All three of the major HMI indices posted gains in March. The HMI index charting current sales conditions increased four points to 56, the component measuring sales expectations in the next six months rose two points to 62 and the component gauging traffic of prospective buyers increased two points to 34.

Looking at the three-month moving averages for regional HMI scores, the Northeast increased two points to 59, the Midwest gained five points to 41, the South rose four points to 50 and the West registered a five-point gain to 43.


Artificial Intelligence in Construction Makes 2024 List of Best New Tech

Out of the new list of the 50 top hottest preconstruction tech companies in the world, many of them are pushing artificial intelligence to make the industry more affordable and efficient.

The 2024 BuiltWorlds Pre-Construction 50 List illustrates top and emerging solutions leveraged by some of the largest contractors, engineers and specialty contractors from around the world. Companies are selected based on a combination of direct industry feedback, case studies and survey data. This year, AI stood out as a theme.

“We’re not surprised to see more and more AI companies making the 2024 list for the best new tech because we’ve seen firsthand how AI is reshaping and improving the construction industry,” said Patrick Murphy, Togal.AI founder ounder and CEO. “Artificial intelligence is revolutionizing construction by making it faster, more affordable and more accurate. With AI, we are eliminating the timely, mundane processes that used to unnecessarily slow building down.”
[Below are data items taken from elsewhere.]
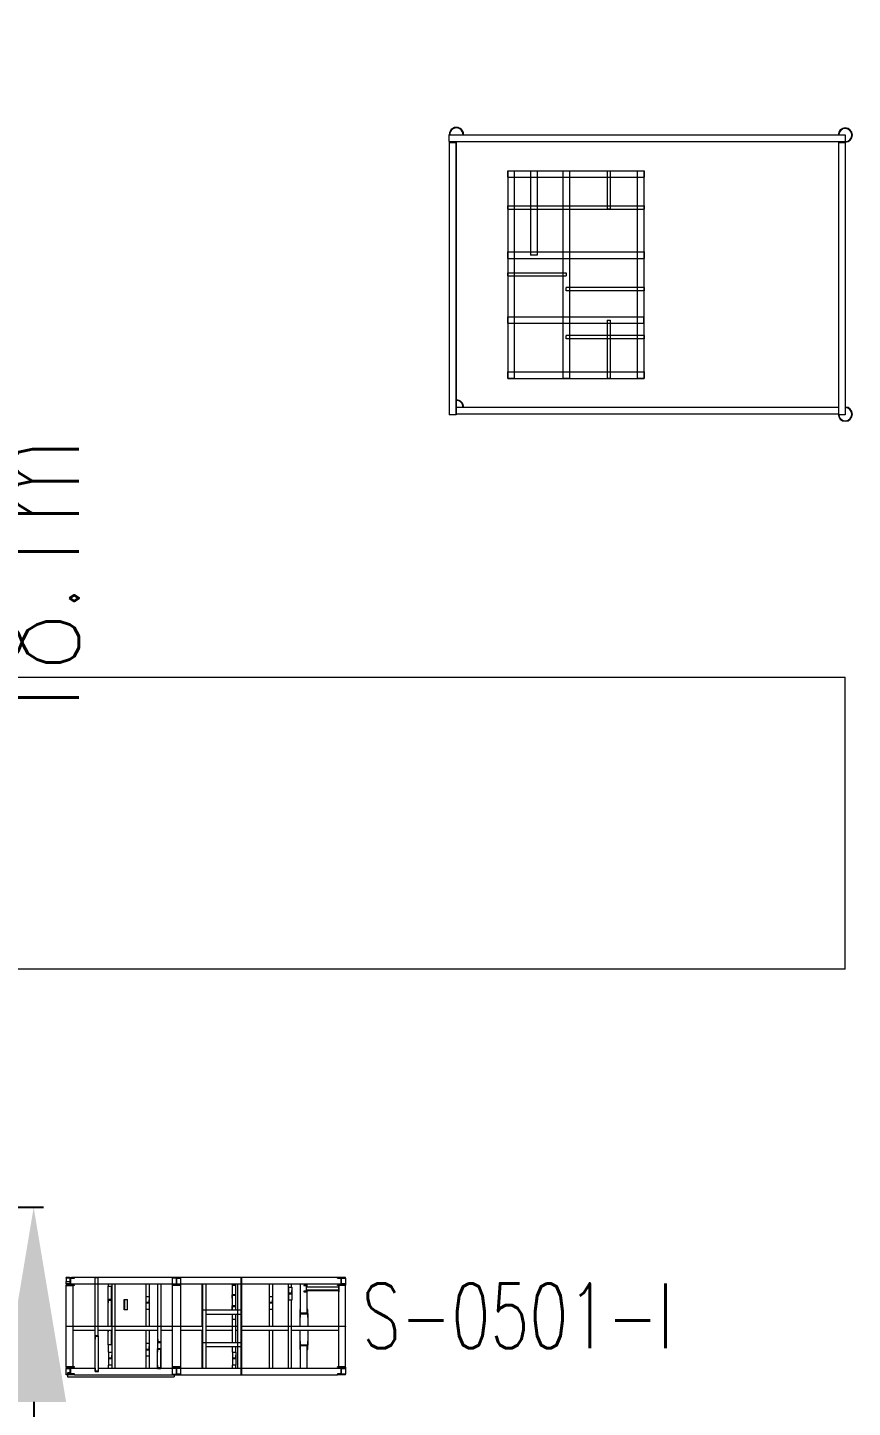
# Model space of a CAD drawing. Header units: inches. Extents: x -430764 to 256483, y 7374 to 217374.
# Drawn here: x -239192 to -226485, y 132227 to 153484 of the extents above; entities that cross this region are included whole.
import ezdxf
from ezdxf.enums import TextEntityAlignment as Align

# ---------------------------------------------------------------- set-up
doc = ezdxf.new("R2010")
doc.units = ezdxf.units.IN
doc.header["$MEASUREMENT"] = 0
for name, color, linetype, lineweight in [('Cable Tray Instruments', 7, 'Continuous', 13), ('CABLETRAYLAYOUT-EMBED 2_DWG$0$DwgTemplate', 7, 'Continuous', 9), ('Labels', 7, 'Continuous', 5)]:
    doc.layers.add(name, color=color, linetype=linetype, lineweight=lineweight)
doc.styles.add('HZTXT', font='simplexs.shx', dxfattribs={"width": 0.7, "bigfont": 'hztxt.shx'})
doc.dimstyles.new('标注 1：500', dxfattribs={"dimtxt": 1500, "dimasz": 3000, "dimexe": 150, "dimexo": 100, "dimgap": 50, "dimtad": 1, "dimdec": 0, "dimdsep": 46, "dimtxsty": 'HZTXT', "dimcen": 9, "dimclrd": 4, "dimclre": 4, "dimclrt": 2, "dimazin": 2, "dimtfac": 1, "dimtdec": 0, "dimtmove": 2, "dimatfit": 3, "dimfxl": 250, "dimtolj": 1, "dimtzin": 0, "dimarcsym": 0})

# ---------------------------------------------------------------- blocks, each defined once
blk = doc.blocks.new('*D5')
at = {"layer": 'Cable Tray Instruments', "color": 4, "lineweight": -2, "transparency": 16777216}
for p, q in [((-241045, 135311), (-238948, 135311)), ((-239098, 132311), (-239098, 116519)), ((-239098, 96228), (-239098, 112019)), ((-241545, 93228), (-238948, 93228))]:
    blk.add_line(p, q, dxfattribs=at)
at = {"layer": 'Cable Tray Instruments', "color": 4, "transparency": 16777216}
for points in [[(-239598, 132311), (-238598, 132311), (-239098, 135311)], [(-239598, 96228), (-238598, 96228), (-239098, 93228)]]:
    blk.add_solid(points, dxfattribs=at)
at = {"layer": 'Defpoints', "color": 0, "transparency": 16777216}
for p in [(-241145, 135311), (-241645, 93228), (-239098, 93228)]:
    blk.add_point(p, dxfattribs=at)
at = {"layer": 'Cable Tray Instruments', "transparency": 16777216, "insert": (-239098, 114269), "char_height": 1500, "attachment_point": 5, "rotation": 90, "style": 'HZTXT'}
blk.add_mtext('\\A1;42.1m', dxfattribs=at)
blk = doc.blocks.new('*D7')
at = {"layer": 'Cable Tray Instruments', "color": 4, "lineweight": -2, "transparency": 16777216}
for p, q in [((-240930, 153484), (-240208, 153484)), ((-240358, 150484), (-240358, 138378)), ((-241330, 135378), (-240208, 135378))]:
    blk.add_line(p, q, dxfattribs=at)
at = {"layer": 'Cable Tray Instruments', "color": 4, "transparency": 16777216}
for points in [[(-240858, 150484), (-239858, 150484), (-240358, 153484)], [(-240858, 138378), (-239858, 138378), (-240358, 135378)]]:
    blk.add_solid(points, dxfattribs=at)
at = {"layer": 'Defpoints', "color": 0, "transparency": 16777216}
for p in [(-241030, 153484), (-241430, 135378), (-240358, 135378)]:
    blk.add_point(p, dxfattribs=at)
at = {"layer": 'Cable Tray Instruments', "transparency": 16777216, "insert": (-239153, 144919), "char_height": 1500, "attachment_point": 5, "rotation": 90, "style": 'HZTXT'}
blk.add_mtext('\\A1;18.1m', dxfattribs=at)

msp = doc.modelspace()

# ---------------------------------------------------------------- linework, layer by layer
at = {"layer": 'CABLETRAYLAYOUT-EMBED 2_DWG$0$DwgTemplate', "color": 252, "linetype": 'Continuous'}
for p, q in [((-232694.8593, 151728.26392), (-232694.8593, 151831.38792)), ((-232694.8593, 151831.38792), (-226594.8593, 151831.38792)), ((-226594.8593, 151831.38792), (-226594.8593, 151728.26392)), ((-232694.8593, 151728.26392), (-232694.8593, 151727.22802)), ((-232694.8593, 151728.26392), (-232694.8593, 151727.22802)), ((-232694.8593, 151728.26392), (-226594.8593, 151728.26392)), ((-232694.8593, 151727.22802), (-232694.8593, 151716.80897)), ((-232694.8593, 151727.22802), (-232646.8533, 151727.22802)), ((-232694.8593, 151727.22802), (-232694.8593, 151716.80897)), ((-232694.8593, 151727.22802), (-232646.8533, 151727.22802)), ((-232646.8533, 151716.80897), (-232694.8593, 151716.80897)), ((-232694.8593, 151716.80897), (-232694.8593, 151715.77307)), ((-232646.8533, 151716.80897), (-232694.8593, 151716.80897)), ((-232694.8593, 151716.80897), (-232694.8593, 151715.77307)), ((-232694.8593, 151715.77307), (-232591.7353, 151715.77307)), ((-232694.8593, 151715.77307), (-232694.8593, 147515.77307)), ((-232694.8593, 151715.77307), (-232591.7353, 151715.77307)), ((-232694.8593, 151715.77307), (-232694.8593, 147515.77307)), ((-232646.8533, 151727.22802), (-232646.8533, 151716.80897)), ((-232646.8533, 151727.22802), (-232646.8533, 151716.80897)), ((-232639.7413, 151716.80897), (-232639.7413, 151727.22802)), ((-232639.7413, 151727.22802), (-232591.7353, 151727.22802)), ((-232639.7413, 151716.80897), (-232639.7413, 151727.22802)), ((-232639.7413, 151727.22802), (-232591.7353, 151727.22802)), ((-232591.7353, 151716.80897), (-232639.7413, 151716.80897)), ((-232591.7353, 151716.80897), (-232639.7413, 151716.80897)), ((-232591.7353, 151727.22802), (-232591.7353, 151728.26392)), ((-232591.7353, 151727.22802), (-232591.7353, 151728.26392)), ((-232591.7353, 151727.22802), (-232591.7353, 151716.80897)), ((-232591.7353, 151727.22802), (-232591.7353, 151716.80897)), ((-226697.9833, 151725.13992), (-232591.7353, 151725.13992)), ((-232591.7353, 151715.77307), (-232591.7353, 151716.80897)), ((-232591.7353, 151715.77307), (-232591.7353, 151716.80897)), ((-232591.7353, 151715.77307), (-232591.7353, 147515.77307)), ((-232591.7353, 151715.77307), (-232591.7353, 147515.77307)), ((-232587.04478, 147528.26392), (-232587.04478, 151728.26392)), ((-226697.9833, 151728.26392), (-226697.9833, 151727.22802)), ((-226697.9833, 151728.26392), (-226697.9833, 151727.22802)), ((-226697.9833, 151727.22802), (-226697.9833, 151716.80897)), ((-226697.9833, 151727.22802), (-226649.9773, 151727.22802)), ((-226697.9833, 151727.22802), (-226697.9833, 151716.80897)), ((-226697.9833, 151727.22802), (-226649.9773, 151727.22802)), ((-226697.9833, 151716.80897), (-226697.9833, 151715.77307)), ((-226649.9773, 151716.80897), (-226697.9833, 151716.80897)), ((-226697.9833, 151716.80897), (-226697.9833, 151715.77307)), ((-226649.9773, 151716.80897), (-226697.9833, 151716.80897)), ((-226697.9833, 151715.77307), (-226594.8593, 151715.77307)), ((-226697.9833, 151715.77307), (-226697.9833, 147515.77307)), ((-226697.9833, 151715.77307), (-226594.8593, 151715.77307)), ((-226697.9833, 151715.77307), (-226697.9833, 147515.77307)), ((-226649.9773, 151727.22802), (-226649.9773, 151716.80897)), ((-226649.9773, 151727.22802), (-226649.9773, 151716.80897)), ((-226642.8653, 151727.22802), (-226594.8593, 151727.22802)), ((-226642.8653, 151716.80897), (-226642.8653, 151727.22802)), ((-226642.8653, 151727.22802), (-226594.8593, 151727.22802)), ((-226642.8653, 151716.80897), (-226642.8653, 151727.22802)), ((-226594.8593, 151716.80897), (-226642.8653, 151716.80897)), ((-226594.8593, 151716.80897), (-226642.8653, 151716.80897)), ((-226594.8593, 151727.22802), (-226594.8593, 151728.26392)), ((-226594.8593, 151727.22802), (-226594.8593, 151728.26392)), ((-226594.8593, 151727.22802), (-226594.8593, 151716.80897)), ((-226594.8593, 151727.22802), (-226594.8593, 151716.80897)), ((-226594.8593, 151715.77307), (-226594.8593, 151716.80897)), ((-226594.8593, 151715.77307), (-226594.8593, 151716.80897)), ((-226594.8593, 151715.77307), (-226594.8593, 147515.77307)), ((-226594.8593, 151715.77307), (-226594.8593, 147515.77307)), ((-231794.8593, 151278.26392), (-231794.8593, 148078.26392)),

New AGC Report Calls for “Whole-of-Firm” Approach to Address Ongoing Workforce Challenges

Addressing today’s construction workforce management challenges cannot rest on the shoulders of a single individual or department. Everyone in the firm has a role to play in the long-term solution.

The Associated General Contractors of America has released a report to help firms execute a “whole-of-firm” workforce development approach by empowering stakeholders across their organizations to get involved in recruiting, attracting and retaining workers. Arcoro, a modular HR software solution provider for construction companies and specialty contractors, sponsored and supported the production of the report and associated content.

“A whole-of-firm approach is essential to creating the kind of environment that will help individual firms and the industry successfully recruit and retain workers,” said Brian Turmail, vice president of public affairs and strategic initiatives at AGC of America. “This report is a resource to help construction leaders implement the measures that make sense and will have the greatest impact on their operations.”

The report, “The Whole-of-Firm Approach: A New Paradigm for Construction Workforce Development,” extracts findings and insights from AGC of America’s first-ever National Construction Industry HR & Workforce Conference. The November 2023 event brought together industry leaders, workforce development experts, and company representatives to focus on ideas to address workforce challenges.
The report catalogs specific examples from organizations successfully using a whole-of-firm approach, and breaks down key workforce development tactics for C-suite leaders, human resources departments and frontline teams.

Download “The Whole-of-Firm Approach: A New Paradigm for Construction Workforce Development” from https://tinyurl.com/yy8hah65.


SBA Awards Bon Tool Company with the 2024 Mid-Atlantic Exporter of the Year

Bon Tool Company has been selected as both the 2024 Pennsylvania Exporter of the Year and the 2024 Mid-Atlantic Region Exporter of the Year by the Small Business Administration. This prestigious recognition highlights Bon Tool’s outstanding commitment to exporting excellence and its significant contributions to the regional economy.

Bon Tool has expanded its market presence to 84 countries beyond national borders, showcasing the strength of its products and services on a global scale.